▸ **Dataset records**:
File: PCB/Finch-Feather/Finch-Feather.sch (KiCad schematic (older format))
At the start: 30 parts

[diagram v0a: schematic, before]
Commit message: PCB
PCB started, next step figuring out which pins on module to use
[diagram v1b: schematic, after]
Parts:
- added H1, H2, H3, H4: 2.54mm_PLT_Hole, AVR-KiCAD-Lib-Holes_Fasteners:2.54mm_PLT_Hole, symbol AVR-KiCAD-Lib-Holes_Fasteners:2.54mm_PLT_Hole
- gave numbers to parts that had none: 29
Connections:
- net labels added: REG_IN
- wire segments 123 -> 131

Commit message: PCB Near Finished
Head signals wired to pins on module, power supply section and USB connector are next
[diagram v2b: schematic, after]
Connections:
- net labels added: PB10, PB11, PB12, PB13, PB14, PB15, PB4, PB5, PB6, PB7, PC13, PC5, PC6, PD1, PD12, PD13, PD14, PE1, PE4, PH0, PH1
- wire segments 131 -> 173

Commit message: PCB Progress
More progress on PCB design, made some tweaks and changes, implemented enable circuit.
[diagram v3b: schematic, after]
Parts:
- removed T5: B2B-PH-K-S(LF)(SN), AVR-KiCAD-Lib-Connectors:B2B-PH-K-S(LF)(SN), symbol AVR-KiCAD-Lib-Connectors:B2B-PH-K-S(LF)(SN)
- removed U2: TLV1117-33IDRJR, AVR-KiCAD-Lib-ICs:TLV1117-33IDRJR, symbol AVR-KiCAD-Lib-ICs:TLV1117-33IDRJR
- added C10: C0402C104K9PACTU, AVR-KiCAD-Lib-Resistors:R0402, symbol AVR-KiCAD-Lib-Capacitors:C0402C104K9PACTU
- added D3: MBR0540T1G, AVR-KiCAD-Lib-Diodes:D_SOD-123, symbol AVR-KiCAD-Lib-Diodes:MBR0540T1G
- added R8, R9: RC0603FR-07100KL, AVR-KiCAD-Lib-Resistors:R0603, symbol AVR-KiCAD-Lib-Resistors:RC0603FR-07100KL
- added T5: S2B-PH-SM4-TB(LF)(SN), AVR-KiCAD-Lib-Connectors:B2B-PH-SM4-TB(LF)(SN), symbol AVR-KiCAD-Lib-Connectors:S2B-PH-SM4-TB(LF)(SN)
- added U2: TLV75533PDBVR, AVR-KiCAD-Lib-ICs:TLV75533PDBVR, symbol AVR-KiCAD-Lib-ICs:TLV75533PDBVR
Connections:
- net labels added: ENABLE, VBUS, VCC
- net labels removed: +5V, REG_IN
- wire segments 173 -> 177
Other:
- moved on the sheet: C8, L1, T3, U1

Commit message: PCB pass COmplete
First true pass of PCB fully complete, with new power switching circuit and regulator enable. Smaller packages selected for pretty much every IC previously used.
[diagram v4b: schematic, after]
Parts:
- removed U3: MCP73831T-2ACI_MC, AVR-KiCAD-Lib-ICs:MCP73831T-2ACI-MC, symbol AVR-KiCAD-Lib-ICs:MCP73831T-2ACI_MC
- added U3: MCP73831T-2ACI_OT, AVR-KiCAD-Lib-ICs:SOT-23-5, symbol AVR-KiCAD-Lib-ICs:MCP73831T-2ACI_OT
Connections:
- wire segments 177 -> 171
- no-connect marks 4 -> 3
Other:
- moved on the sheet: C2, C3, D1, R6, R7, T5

▸ **Assignment**:
Reproduce all of the data exactly as given.

▸ **Answer for this exercise**:
File: PCB/Finch-Feather/Finch-Feather.sch (KiCad schematic (older format))
At the start: 30 parts

[diagram v0a: schematic, before]
Commit message: PCB
PCB started, next step figuring out which pins on module to use
[diagram v1b: schematic, after]
Parts:
- added H1, H2, H3, H4: 2.54mm_PLT_Hole, AVR-KiCAD-Lib-Holes_Fasteners:2.54mm_PLT_Hole, symbol AVR-KiCAD-Lib-Holes_Fasteners:2.54mm_PLT_Hole
- gave numbers to parts that had none: 29
Connections:
- net labels added: REG_IN
- wire segments 123 -> 131

Commit message: PCB Near Finished
Head signals wired to pins on module, power supply section and USB connector are next
[diagram v2b: schematic, after]
Connections:
- net labels added: PB10, PB11, PB12, PB13, PB14, PB15, PB4, PB5, PB6, PB7, PC13, PC5, PC6, PD1, PD12, PD13, PD14, PE1, PE4, PH0, PH1
- wire segments 131 -> 173

Commit message: PCB Progress
More progress on PCB design, made some tweaks and changes, implemented enable circuit.
[diagram v3b: schematic, after]
Parts:
- removed T5: B2B-PH-K-S(LF)(SN), AVR-KiCAD-Lib-Connectors:B2B-PH-K-S(LF)(SN), symbol AVR-KiCAD-Lib-Connectors:B2B-PH-K-S(LF)(SN)
- removed U2: TLV1117-33IDRJR, AVR-KiCAD-Lib-ICs:TLV1117-33IDRJR, symbol AVR-KiCAD-Lib-ICs:TLV1117-33IDRJR
- added C10: C0402C104K9PACTU, AVR-KiCAD-Lib-Resistors:R0402, symbol AVR-KiCAD-Lib-Capacitors:C0402C104K9PACTU
- added D3: MBR0540T1G, AVR-KiCAD-Lib-Diodes:D_SOD-123, symbol AVR-KiCAD-Lib-Diodes:MBR0540T1G
- added R8, R9: RC0603FR-07100KL, AVR-KiCAD-Lib-Resistors:R0603, symbol AVR-KiCAD-Lib-Resistors:RC0603FR-07100KL
- added T5: S2B-PH-SM4-TB(LF)(SN), AVR-KiCAD-Lib-Connectors:B2B-PH-SM4-TB(LF)(SN), symbol AVR-KiCAD-Lib-Connectors:S2B-PH-SM4-TB(LF)(SN)
- added U2: TLV75533PDBVR, AVR-KiCAD-Lib-ICs:TLV75533PDBVR, symbol AVR-KiCAD-Lib-ICs:TLV75533PDBVR
Connections:
- net labels added: ENABLE, VBUS, VCC
- net labels removed: +5V, REG_IN
- wire segments 173 -> 177
Other:
- moved on the sheet: C8, L1, T3, U1

Commit message: PCB pass COmplete
First true pass of PCB fully complete, with new power switching circuit and regulator enable. Smaller packages selected for pretty much every IC previously used.
[diagram v4b: schematic, after]
Parts:
- removed U3: MCP73831T-2ACI_MC, AVR-KiCAD-Lib-ICs:MCP73831T-2ACI-MC, symbol AVR-KiCAD-Lib-ICs:MCP73831T-2ACI_MC
- added U3: MCP73831T-2ACI_OT, AVR-KiCAD-Lib-ICs:SOT-23-5, symbol AVR-KiCAD-Lib-ICs:MCP73831T-2ACI_OT
Connections:
- wire segments 177 -> 171
- no-connect marks 4 -> 3
Other:
- moved on the sheet: C2, C3, D1, R6, R7, T5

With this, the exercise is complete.